# Celebrities on Infidelity



## lisab0105 (Oct 26, 2011)

https://celebrity.yahoo.com/blogs/celeb-news/cameron-diaz-on-infidelity---everyone-will-be-cheated-on-225820463.html?vp=1

Dear Ethan Hawke, 

:banghead::wtf::nono::bsflag::2gunsfiring_v1::tool::gun::rant:

Stop trying to justify your disgusting behavior.


----------



## cantthinkstraight (May 6, 2012)

lisab0105 said:


> https://celebrity.yahoo.com/blogs/celeb-news/cameron-diaz-on-infidelity---everyone-will-be-cheated-on-225820463.html?vp=1
> 
> Dear Ethan Hawke,
> 
> ...


Convenient excuse for someone on the cheating side, isn't it?


----------



## Allen_A (Nov 18, 2013)

The question is :

when do they take the "I don't believe in monogamy" position?

Before they commit to someone?

OR

After the commit to someone, and AFTER they get CAUGHT LYING?

I am not a celebrity news follower, so I don't know if these people lie and get caught doing "what they believe in" or if they warn spouses well in advance.

If they are telling their spouse before commitment that they "dont' believe in monogamy" then due warning's been given. If you put your hand in that fire even AFTER being told you will get burned I can hardly blame the cheater.

The part that bothers me is, monogamous lifestyles DO exist. People Do manage to do this.

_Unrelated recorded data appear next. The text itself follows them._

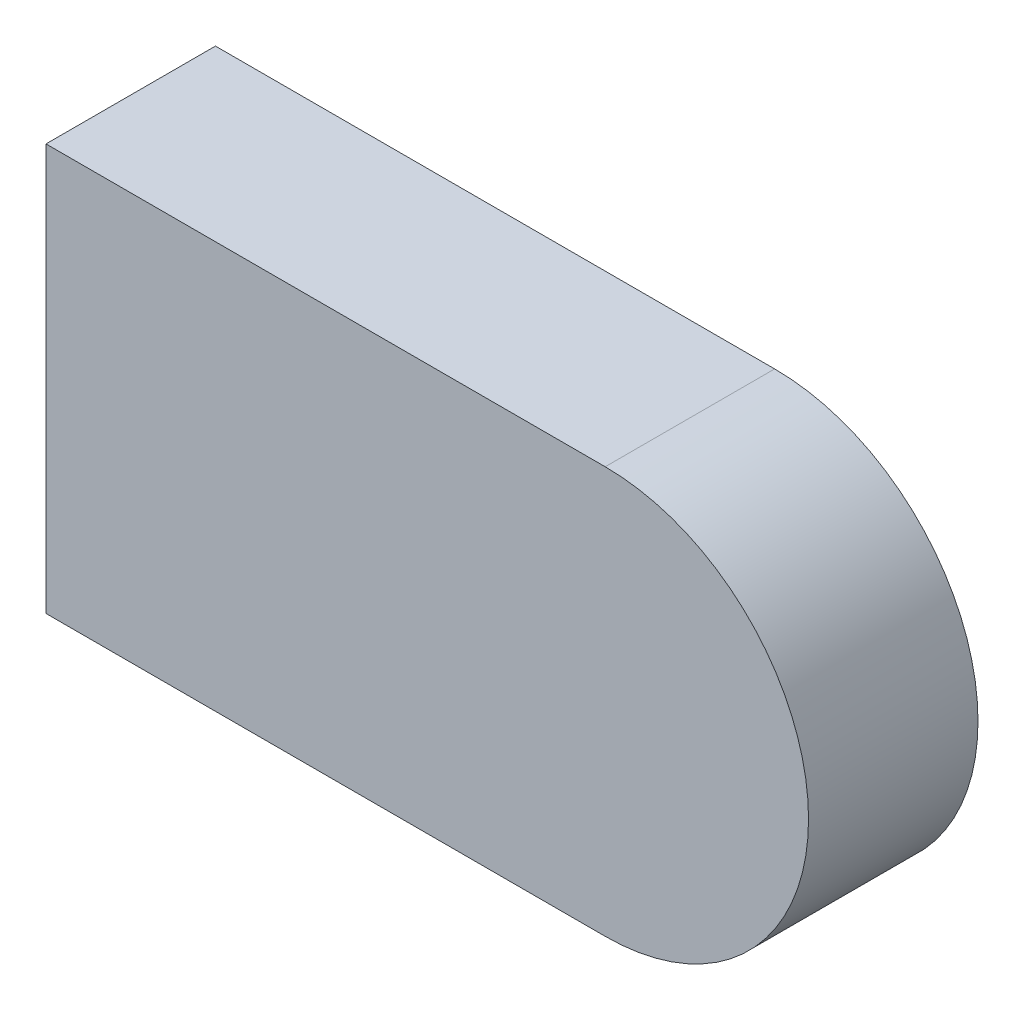
ISO-10303-21;
HEADER;
FILE_DESCRIPTION(('STEP AP214'),'2;1');
FILE_NAME('part.step','',(''),(''),'','','');
FILE_SCHEMA(('AUTOMOTIVE_DESIGN { 1 0 10303 214 1 1 1 1 }'));
ENDSEC;
DATA;
#1=APPLICATION_CONTEXT('core data for automotive mechanical design processes');
#2=APPLICATION_PROTOCOL_DEFINITION('international standard','automotive_design',2000,#1);
#3=PRODUCT_CONTEXT('',#1,'mechanical');
#4=PRODUCT('Part','Part','',(#3));
#5=PRODUCT_RELATED_PRODUCT_CATEGORY('part','',(#4));
#6=PRODUCT_DEFINITION_FORMATION('','',#4);
#7=PRODUCT_DEFINITION_CONTEXT('part definition',#1,'design');
#8=PRODUCT_DEFINITION('design','',#6,#7);
#9=PRODUCT_DEFINITION_SHAPE('','',#8);
#10=(LENGTH_UNIT() NAMED_UNIT(*) SI_UNIT(.MILLI.,.METRE.));
#11=(NAMED_UNIT(*) PLANE_ANGLE_UNIT() SI_UNIT($,.RADIAN.));
#12=(NAMED_UNIT(*) SI_UNIT($,.STERADIAN.) SOLID_ANGLE_UNIT());
#13=UNCERTAINTY_MEASURE_WITH_UNIT(LENGTH_MEASURE(1.E-05),#10,'distance_accuracy_value','');
#14=(GEOMETRIC_REPRESENTATION_CONTEXT(3) GLOBAL_UNCERTAINTY_ASSIGNED_CONTEXT((#13)) GLOBAL_UNIT_ASSIGNED_CONTEXT((#10,
#11,#12)) REPRESENTATION_CONTEXT('',''));
#15=CARTESIAN_POINT('',(0.,0.,0.));
#16=DIRECTION('',(0.,0.,1.));
#17=DIRECTION('',(1.,0.,0.));
#18=AXIS2_PLACEMENT_3D('',#15,#16,#17);
#19=CARTESIAN_POINT('',(-4.05,1.63,0.));
#20=DIRECTION('',(0.,1.,0.));
#21=DIRECTION('',(1.,0.,0.));
#22=AXIS2_PLACEMENT_3D('',#19,#20,#21);
#23=PLANE('',#22);
#24=DIRECTION('',(1.,0.,0.));
#25=VECTOR('',#24,1.);
#26=CARTESIAN_POINT('',(-4.05,1.63,0.));
#27=LINE('',#26,#25);
#28=CARTESIAN_POINT('',(-4.05,1.63,0.));
#29=VERTEX_POINT('',#28);
#30=CARTESIAN_POINT('',(-3.72,1.63,0.));
#31=VERTEX_POINT('',#30);
#32=EDGE_CURVE('E11',#29,#31,#27,.T.);
#33=ORIENTED_EDGE('',*,*,#32,.T.);
#34=DIRECTION('',(0.,0.,1.));
#35=VECTOR('',#34,1.);
#36=CARTESIAN_POINT('',(-3.72,1.63,0.));
#37=LINE('',#36,#35);
#38=CARTESIAN_POINT('',(-3.72,1.63,0.1));
#39=VERTEX_POINT('',#38);
#40=EDGE_CURVE('E24',#31,#39,#37,.T.);
#41=ORIENTED_EDGE('',*,*,#40,.T.);
#42=DIRECTION('',(1.,0.,0.));
#43=VECTOR('',#42,1.);
#44=CARTESIAN_POINT('',(-4.05,1.63,0.1));
#45=LINE('',#44,#43);
#46=CARTESIAN_POINT('',(-4.05,1.63,0.1));
#47=VERTEX_POINT('',#46);
#48=EDGE_CURVE('E88',#47,#39,#45,.T.);
#49=ORIENTED_EDGE('',*,*,#48,.F.);
#50=DIRECTION('',(0.,0.,1.));
#51=VECTOR('',#50,1.);
#52=CARTESIAN_POINT('',(-4.05,1.63,0.));
#53=LINE('',#52,#51);
#54=EDGE_CURVE('E36',#29,#47,#53,.T.);
#55=ORIENTED_EDGE('',*,*,#54,.F.);
#56=EDGE_LOOP('',(#33,#41,#49,#55));
#57=FACE_BOUND('',#56,.T.);
#58=ADVANCED_FACE('F17',(#57),#23,.F.);
#59=CARTESIAN_POINT('',(-3.72,1.75,0.));
#60=DIRECTION('',(0.,0.,-1.));
#61=DIRECTION('',(1.,0.,0.));
#62=AXIS2_PLACEMENT_3D('',#59,#60,#61);
#63=CYLINDRICAL_SURFACE('',#62,0.12);
#64=CARTESIAN_POINT('',(-3.72,1.75,0.));
#65=DIRECTION('',(0.,0.,1.));
#66=DIRECTION('',(1.,0.,0.));
#67=AXIS2_PLACEMENT_3D('',#64,#65,#66);
#68=CIRCLE('',#67,0.12);
#69=CARTESIAN_POINT('',(-3.72,1.87,0.));
#70=VERTEX_POINT('',#69);
#71=EDGE_CURVE('E85',#31,#70,#68,.T.);
#72=ORIENTED_EDGE('',*,*,#71,.T.);
#73=DIRECTION('',(0.,0.,1.));
#74=VECTOR('',#73,1.);
#75=CARTESIAN_POINT('',(-3.72,1.87,0.));
#76=LINE('',#75,#74);
#77=CARTESIAN_POINT('',(-3.72,1.87,0.1));
#78=VERTEX_POINT('',#77);
#79=EDGE_CURVE('E73',#70,#78,#76,.T.);
#80=ORIENTED_EDGE('',*,*,#79,.T.);
#81=CARTESIAN_POINT('',(-3.72,1.75,0.1));
#82=DIRECTION('',(0.,0.,1.));
#83=DIRECTION('',(1.,0.,0.));
#84=AXIS2_PLACEMENT_3D('',#81,#82,#83);
#85=CIRCLE('',#84,0.12);
#86=EDGE_CURVE('E66',#39,#78,#85,.T.);
#87=ORIENTED_EDGE('',*,*,#86,.F.);
#88=ORIENTED_EDGE('',*,*,#40,.F.);
#89=EDGE_LOOP('',(#72,#80,#87,#88));
#90=FACE_BOUND('',#89,.T.);
#91=ADVANCED_FACE('F89',(#90),#63,.T.);
#92=CARTESIAN_POINT('',(-4.05,1.87,0.));
#93=DIRECTION('',(0.,1.,0.));
#94=DIRECTION('',(1.,0.,0.));
#95=AXIS2_PLACEMENT_3D('',#92,#93,#94);
#96=PLANE('',#95);
#97=DIRECTION('',(0.,0.,1.));
#98=VECTOR('',#97,1.);
#99=CARTESIAN_POINT('',(-4.05,1.87,0.));
#100=LINE('',#99,#98);
#101=CARTESIAN_POINT('',(-4.05,1.87,0.));
#102=VERTEX_POINT('',#101);
#103=CARTESIAN_POINT('',(-4.05,1.87,0.1));
#104=VERTEX_POINT('',#103);
#105=EDGE_CURVE('E56',#102,#104,#100,.T.);
#106=ORIENTED_EDGE('',*,*,#105,.T.);
#107=DIRECTION('',(1.,0.,0.));
#108=VECTOR('',#107,1.);
#109=CARTESIAN_POINT('',(-4.05,1.87,0.1));
#110=LINE('',#109,#108);
#111=EDGE_CURVE('E67',#104,#78,#110,.T.);
#112=ORIENTED_EDGE('',*,*,#111,.T.);
#113=ORIENTED_EDGE('',*,*,#79,.F.);
#114=DIRECTION('',(1.,0.,0.));
#115=VECTOR('',#114,1.);
#116=CARTESIAN_POINT('',(-4.05,1.87,0.));
#117=LINE('',#116,#115);
#118=EDGE_CURVE('E71',#102,#70,#117,.T.);
#119=ORIENTED_EDGE('',*,*,#118,.F.);
#120=EDGE_LOOP('',(#106,#112,#113,#119));
#121=FACE_BOUND('',#120,.T.);
#122=ADVANCED_FACE('F72',(#121),#96,.T.);
#123=CARTESIAN_POINT('',(-4.05,1.63,0.));
#124=DIRECTION('',(-1.,0.,0.));
#125=DIRECTION('',(0.,1.,0.));
#126=AXIS2_PLACEMENT_3D('',#123,#124,#125);
#127=PLANE('',#126);
#128=ORIENTED_EDGE('',*,*,#54,.T.);
#129=DIRECTION('',(0.,1.,0.));
#130=VECTOR('',#129,1.);
#131=CARTESIAN_POINT('',(-4.05,1.63,0.1));
#132=LINE('',#131,#130);
#133=EDGE_CURVE('E62',#47,#104,#132,.T.);
#134=ORIENTED_EDGE('',*,*,#133,.T.);
#135=ORIENTED_EDGE('',*,*,#105,.F.);
#136=DIRECTION('',(0.,1.,0.));
#137=VECTOR('',#136,1.);
#138=CARTESIAN_POINT('',(-4.05,1.63,0.));
#139=LINE('',#138,#137);
#140=EDGE_CURVE('E60',#29,#102,#139,.T.);
#141=ORIENTED_EDGE('',*,*,#140,.F.);
#142=EDGE_LOOP('',(#128,#134,#135,#141));
#143=FACE_BOUND('',#142,.T.);
#144=ADVANCED_FACE('F58',(#143),#127,.T.);
#145=CARTESIAN_POINT('',(-3.849490847913,1.75,0.));
#146=DIRECTION('',(0.,0.,1.));
#147=DIRECTION('',(1.,0.,0.));
#148=AXIS2_PLACEMENT_3D('',#145,#146,#147);
#149=PLANE('',#148);
#150=ORIENTED_EDGE('',*,*,#140,.T.);
#151=ORIENTED_EDGE('',*,*,#118,.T.);
#152=ORIENTED_EDGE('',*,*,#71,.F.);
#153=ORIENTED_EDGE('',*,*,#32,.F.);
#154=EDGE_LOOP('',(#150,#151,#152,#153));
#155=FACE_BOUND('',#154,.T.);
#156=ADVANCED_FACE('F77',(#155),#149,.F.);
#157=CARTESIAN_POINT('',(-3.849490847913,1.75,0.1));
#158=DIRECTION('',(0.,0.,1.));
#159=DIRECTION('',(1.,0.,0.));
#160=AXIS2_PLACEMENT_3D('',#157,#158,#159);
#161=PLANE('',#160);
#162=ORIENTED_EDGE('',*,*,#48,.T.);
#163=ORIENTED_EDGE('',*,*,#86,.T.);
#164=ORIENTED_EDGE('',*,*,#111,.F.);
#165=ORIENTED_EDGE('',*,*,#133,.F.);
#166=EDGE_LOOP('',(#162,#163,#164,#165));
#167=FACE_BOUND('',#166,.T.);
#168=ADVANCED_FACE('F91',(#167),#161,.T.);
#169=CLOSED_SHELL('',(#58,#91,#122,#144,#156,#168));
#170=MANIFOLD_SOLID_BREP('B1',#169);
#171=ADVANCED_BREP_SHAPE_REPRESENTATION('',(#18,#170),#14);
#172=SHAPE_DEFINITION_REPRESENTATION(#9,#171);
ENDSEC;
END-ISO-10303-21;
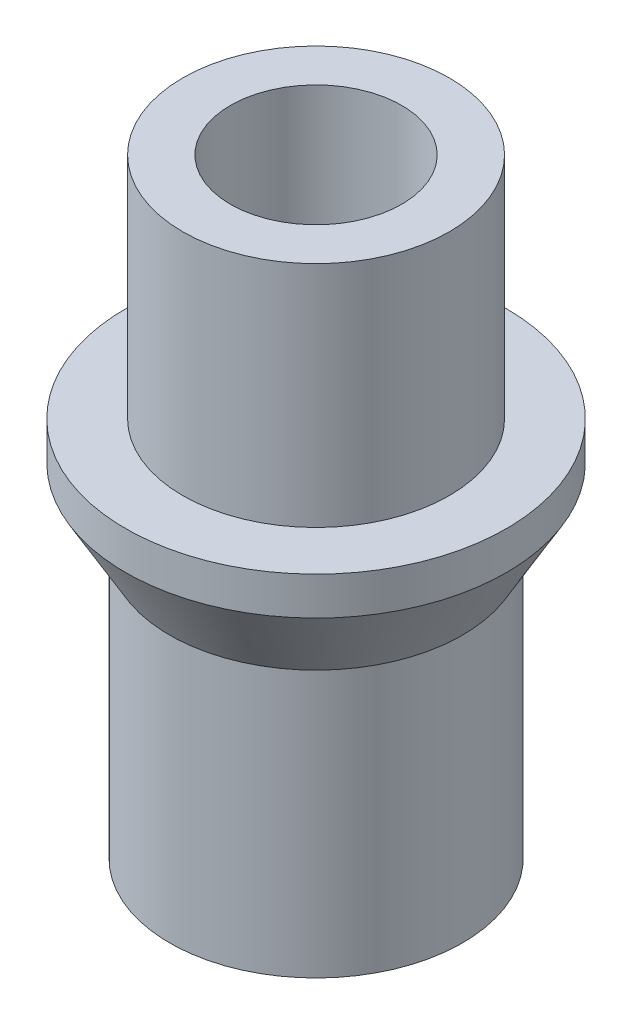
ISO-10303-21;
HEADER;
FILE_DESCRIPTION(('STEP AP214'),'2;1');
FILE_NAME('part.step','',(''),(''),'','','');
FILE_SCHEMA(('AUTOMOTIVE_DESIGN { 1 0 10303 214 1 1 1 1 }'));
ENDSEC;
DATA;
#1=APPLICATION_CONTEXT('core data for automotive mechanical design processes');
#2=APPLICATION_PROTOCOL_DEFINITION('international standard','automotive_design',2000,#1);
#3=PRODUCT_CONTEXT('',#1,'mechanical');
#4=PRODUCT('Part','Part','',(#3));
#5=PRODUCT_RELATED_PRODUCT_CATEGORY('part','',(#4));
#6=PRODUCT_DEFINITION_FORMATION('','',#4);
#7=PRODUCT_DEFINITION_CONTEXT('part definition',#1,'design');
#8=PRODUCT_DEFINITION('design','',#6,#7);
#9=PRODUCT_DEFINITION_SHAPE('','',#8);
#10=(LENGTH_UNIT() NAMED_UNIT(*) SI_UNIT(.MILLI.,.METRE.));
#11=(NAMED_UNIT(*) PLANE_ANGLE_UNIT() SI_UNIT($,.RADIAN.));
#12=(NAMED_UNIT(*) SI_UNIT($,.STERADIAN.) SOLID_ANGLE_UNIT());
#13=UNCERTAINTY_MEASURE_WITH_UNIT(LENGTH_MEASURE(1.E-05),#10,'distance_accuracy_value','');
#14=(GEOMETRIC_REPRESENTATION_CONTEXT(3) GLOBAL_UNCERTAINTY_ASSIGNED_CONTEXT((#13)) GLOBAL_UNIT_ASSIGNED_CONTEXT((#10,
#11,#12)) REPRESENTATION_CONTEXT('',''));
#15=CARTESIAN_POINT('',(0.,0.,0.));
#16=DIRECTION('',(0.,0.,1.));
#17=DIRECTION('',(1.,0.,0.));
#18=AXIS2_PLACEMENT_3D('',#15,#16,#17);
#19=CARTESIAN_POINT('',(0.,-6.,0.));
#20=DIRECTION('',(0.,1.,0.));
#21=DIRECTION('',(0.,0.,1.));
#22=AXIS2_PLACEMENT_3D('',#19,#20,#21);
#23=CYLINDRICAL_SURFACE('',#22,3.5);
#24=CARTESIAN_POINT('',(0.,-6.,0.));
#25=DIRECTION('',(0.,-1.,0.));
#26=DIRECTION('',(0.,0.,-1.));
#27=AXIS2_PLACEMENT_3D('',#24,#25,#26);
#28=CIRCLE('',#27,3.5);
#29=CARTESIAN_POINT('',(0.,-6.,-3.5));
#30=VERTEX_POINT('',#29);
#31=EDGE_CURVE('E48',#30,#30,#28,.F.);
#32=ORIENTED_EDGE('',*,*,#31,.T.);
#33=EDGE_LOOP('',(#32));
#34=FACE_BOUND('',#33,.T.);
#35=CARTESIAN_POINT('',(0.,0.,0.));
#36=DIRECTION('',(0.,1.,0.));
#37=DIRECTION('',(0.,0.,1.));
#38=AXIS2_PLACEMENT_3D('',#35,#36,#37);
#39=CIRCLE('',#38,3.5);
#40=CARTESIAN_POINT('',(0.,0.,3.5));
#41=VERTEX_POINT('',#40);
#42=EDGE_CURVE('E10',#41,#41,#39,.T.);
#43=ORIENTED_EDGE('',*,*,#42,.F.);
#44=EDGE_LOOP('',(#43));
#45=FACE_BOUND('',#44,.T.);
#46=ADVANCED_FACE('F33',(#34,#45),#23,.T.);
#47=CARTESIAN_POINT('',(0.,0.,0.));
#48=DIRECTION('',(0.,1.,0.));
#49=DIRECTION('',(0.,0.,1.));
#50=AXIS2_PLACEMENT_3D('',#47,#48,#49);
#51=PLANE('',#50);
#52=CARTESIAN_POINT('',(0.,0.,0.));
#53=DIRECTION('',(0.,1.,0.));
#54=DIRECTION('',(0.,0.,1.));
#55=AXIS2_PLACEMENT_3D('',#52,#53,#54);
#56=CIRCLE('',#55,2.25);
#57=CARTESIAN_POINT('',(0.,0.,2.25));
#58=VERTEX_POINT('',#57);
#59=EDGE_CURVE('E43',#58,#58,#56,.T.);
#60=ORIENTED_EDGE('',*,*,#59,.F.);
#61=EDGE_LOOP('',(#60));
#62=FACE_BOUND('',#61,.T.);
#63=ORIENTED_EDGE('',*,*,#42,.T.);
#64=EDGE_LOOP('',(#63));
#65=FACE_BOUND('',#64,.T.);
#66=ADVANCED_FACE('F96',(#62,#65),#51,.T.);
#67=CARTESIAN_POINT('',(0.,-6.,0.));
#68=DIRECTION('',(0.,1.,0.));
#69=DIRECTION('',(0.,0.,1.));
#70=AXIS2_PLACEMENT_3D('',#67,#68,#69);
#71=CYLINDRICAL_SURFACE('',#70,2.25);
#72=CARTESIAN_POINT('',(0.,-6.,0.));
#73=DIRECTION('',(0.,1.,0.));
#74=DIRECTION('',(0.,0.,1.));
#75=AXIS2_PLACEMENT_3D('',#72,#73,#74);
#76=CIRCLE('',#75,2.25);
#77=CARTESIAN_POINT('',(0.,-6.,2.25));
#78=VERTEX_POINT('',#77);
#79=EDGE_CURVE('E39',#78,#78,#76,.T.);
#80=ORIENTED_EDGE('',*,*,#79,.F.);
#81=EDGE_LOOP('',(#80));
#82=FACE_BOUND('',#81,.T.);
#83=ORIENTED_EDGE('',*,*,#59,.T.);
#84=EDGE_LOOP('',(#83));
#85=FACE_BOUND('',#84,.T.);
#86=ADVANCED_FACE('F94',(#82,#85),#71,.F.);
#87=CARTESIAN_POINT('',(0.,-6.,0.));
#88=DIRECTION('',(0.,-1.,0.));
#89=DIRECTION('',(0.,0.,-1.));
#90=AXIS2_PLACEMENT_3D('',#87,#88,#89);
#91=PLANE('',#90);
#92=ORIENTED_EDGE('',*,*,#79,.T.);
#93=EDGE_LOOP('',(#92));
#94=FACE_BOUND('',#93,.T.);
#95=ADVANCED_FACE('F83',(#94),#91,.F.);
#96=CARTESIAN_POINT('',(0.,-7.,0.));
#97=DIRECTION('',(0.,1.,0.));
#98=DIRECTION('',(0.,0.,1.));
#99=AXIS2_PLACEMENT_3D('',#96,#97,#98);
#100=CYLINDRICAL_SURFACE('',#99,5.);
#101=CARTESIAN_POINT('',(0.,-7.,0.));
#102=DIRECTION('',(0.,-1.,0.));
#103=DIRECTION('',(0.,0.,-1.));
#104=AXIS2_PLACEMENT_3D('',#101,#102,#103);
#105=CIRCLE('',#104,5.);
#106=CARTESIAN_POINT('',(0.,-7.,-5.));
#107=VERTEX_POINT('',#106);
#108=EDGE_CURVE('E52',#107,#107,#105,.T.);
#109=ORIENTED_EDGE('',*,*,#108,.F.);
#110=EDGE_LOOP('',(#109));
#111=FACE_BOUND('',#110,.T.);
#112=CARTESIAN_POINT('',(0.,-6.,0.));
#113=DIRECTION('',(0.,-1.,0.));
#114=DIRECTION('',(0.,0.,-1.));
#115=AXIS2_PLACEMENT_3D('',#112,#113,#114);
#116=CIRCLE('',#115,5.);
#117=CARTESIAN_POINT('',(0.,-6.,-5.));
#118=VERTEX_POINT('',#117);
#119=EDGE_CURVE('E53',#118,#118,#116,.T.);
#120=ORIENTED_EDGE('',*,*,#119,.T.);
#121=EDGE_LOOP('',(#120));
#122=FACE_BOUND('',#121,.T.);
#123=ADVANCED_FACE('F80',(#111,#122),#100,.T.);
#124=ORIENTED_EDGE('',*,*,#31,.F.);
#125=EDGE_LOOP('',(#124));
#126=FACE_BOUND('',#125,.T.);
#127=ORIENTED_EDGE('',*,*,#119,.F.);
#128=EDGE_LOOP('',(#127));
#129=FACE_BOUND('',#128,.T.);
#130=ADVANCED_FACE('F76',(#126,#129),#91,.F.);
#131=CARTESIAN_POINT('',(0.,-7.,0.));
#132=DIRECTION('',(0.,1.,0.));
#133=DIRECTION('',(0.,0.,-1.));
#134=AXIS2_PLACEMENT_3D('',#131,#132,#133);
#135=CONICAL_SURFACE('',#134,5.,0.523598775598299);
#136=CARTESIAN_POINT('',(0.,-9.,0.));
#137=DIRECTION('',(0.,-1.,0.));
#138=DIRECTION('',(0.,0.,-1.));
#139=AXIS2_PLACEMENT_3D('',#136,#137,#138);
#140=CIRCLE('',#139,3.84529946162075);
#141=CARTESIAN_POINT('',(0.,-9.,-3.84529946162075));
#142=VERTEX_POINT('',#141);
#143=EDGE_CURVE('E56',#142,#142,#140,.T.);
#144=ORIENTED_EDGE('',*,*,#143,.F.);
#145=EDGE_LOOP('',(#144));
#146=FACE_BOUND('',#145,.T.);
#147=ORIENTED_EDGE('',*,*,#108,.T.);
#148=EDGE_LOOP('',(#147));
#149=FACE_BOUND('',#148,.T.);
#150=ADVANCED_FACE('F70',(#146,#149),#135,.T.);
#151=CARTESIAN_POINT('',(0.,-16.,0.));
#152=DIRECTION('',(0.,1.,0.));
#153=DIRECTION('',(0.,0.,1.));
#154=AXIS2_PLACEMENT_3D('',#151,#152,#153);
#155=CYLINDRICAL_SURFACE('',#154,3.84529946162075);
#156=CARTESIAN_POINT('',(0.,-16.,0.));
#157=DIRECTION('',(0.,-1.,0.));
#158=DIRECTION('',(0.,0.,-1.));
#159=AXIS2_PLACEMENT_3D('',#156,#157,#158);
#160=CIRCLE('',#159,3.84529946162075);
#161=CARTESIAN_POINT('',(0.,-16.,-3.84529946162075));
#162=VERTEX_POINT('',#161);
#163=EDGE_CURVE('E61',#162,#162,#160,.T.);
#164=ORIENTED_EDGE('',*,*,#163,.F.);
#165=EDGE_LOOP('',(#164));
#166=FACE_BOUND('',#165,.T.);
#167=ORIENTED_EDGE('',*,*,#143,.T.);
#168=EDGE_LOOP('',(#167));
#169=FACE_BOUND('',#168,.T.);
#170=ADVANCED_FACE('F67',(#166,#169),#155,.T.);
#171=CARTESIAN_POINT('',(0.,-16.,0.));
#172=DIRECTION('',(0.,-1.,0.));
#173=DIRECTION('',(0.,0.,-1.));
#174=AXIS2_PLACEMENT_3D('',#171,#172,#173);
#175=PLANE('',#174);
#176=ORIENTED_EDGE('',*,*,#163,.T.);
#177=EDGE_LOOP('',(#176));
#178=FACE_BOUND('',#177,.T.);
#179=ADVANCED_FACE('F65',(#178),#175,.T.);
#180=CLOSED_SHELL('',(#46,#66,#86,#95,#123,#130,#150,#170,#179));
#181=MANIFOLD_SOLID_BREP('B2',#180);
#182=ADVANCED_BREP_SHAPE_REPRESENTATION('',(#18,#181),#14);
#183=SHAPE_DEFINITION_REPRESENTATION(#9,#182);
ENDSEC;
END-ISO-10303-21;

So this "I don't believe humans are monogamous" is just denial.

If they want to be honest, they can only say "I refuse to BE monogamous...". This nonsense of them claiming "I don't believe in it" just shows how DUMB they are.

Monogamy exists. To say you don't believe in that is like saying you don't believe in breathing.

People do it. Refusing to believe people do it just makes you look really stupid.

The thing is, they are just deflecting.

Rather than these cheating celebrities saying "Yes, I am a liar" they focus on monogamy not being something "they believe."

They skip the step about the dishonesty completely.

How do you get from
_
A I believe and support monogamy _

TO

_A do not believe and support monogamy_

without the intermediary

_I do not believe honesty and integrity in your relationships is paramount
_

No celebrity wants to call themselves a liar. So they simply omit the dishonesty ingredient in infidelity and say they don't believe in monogamy.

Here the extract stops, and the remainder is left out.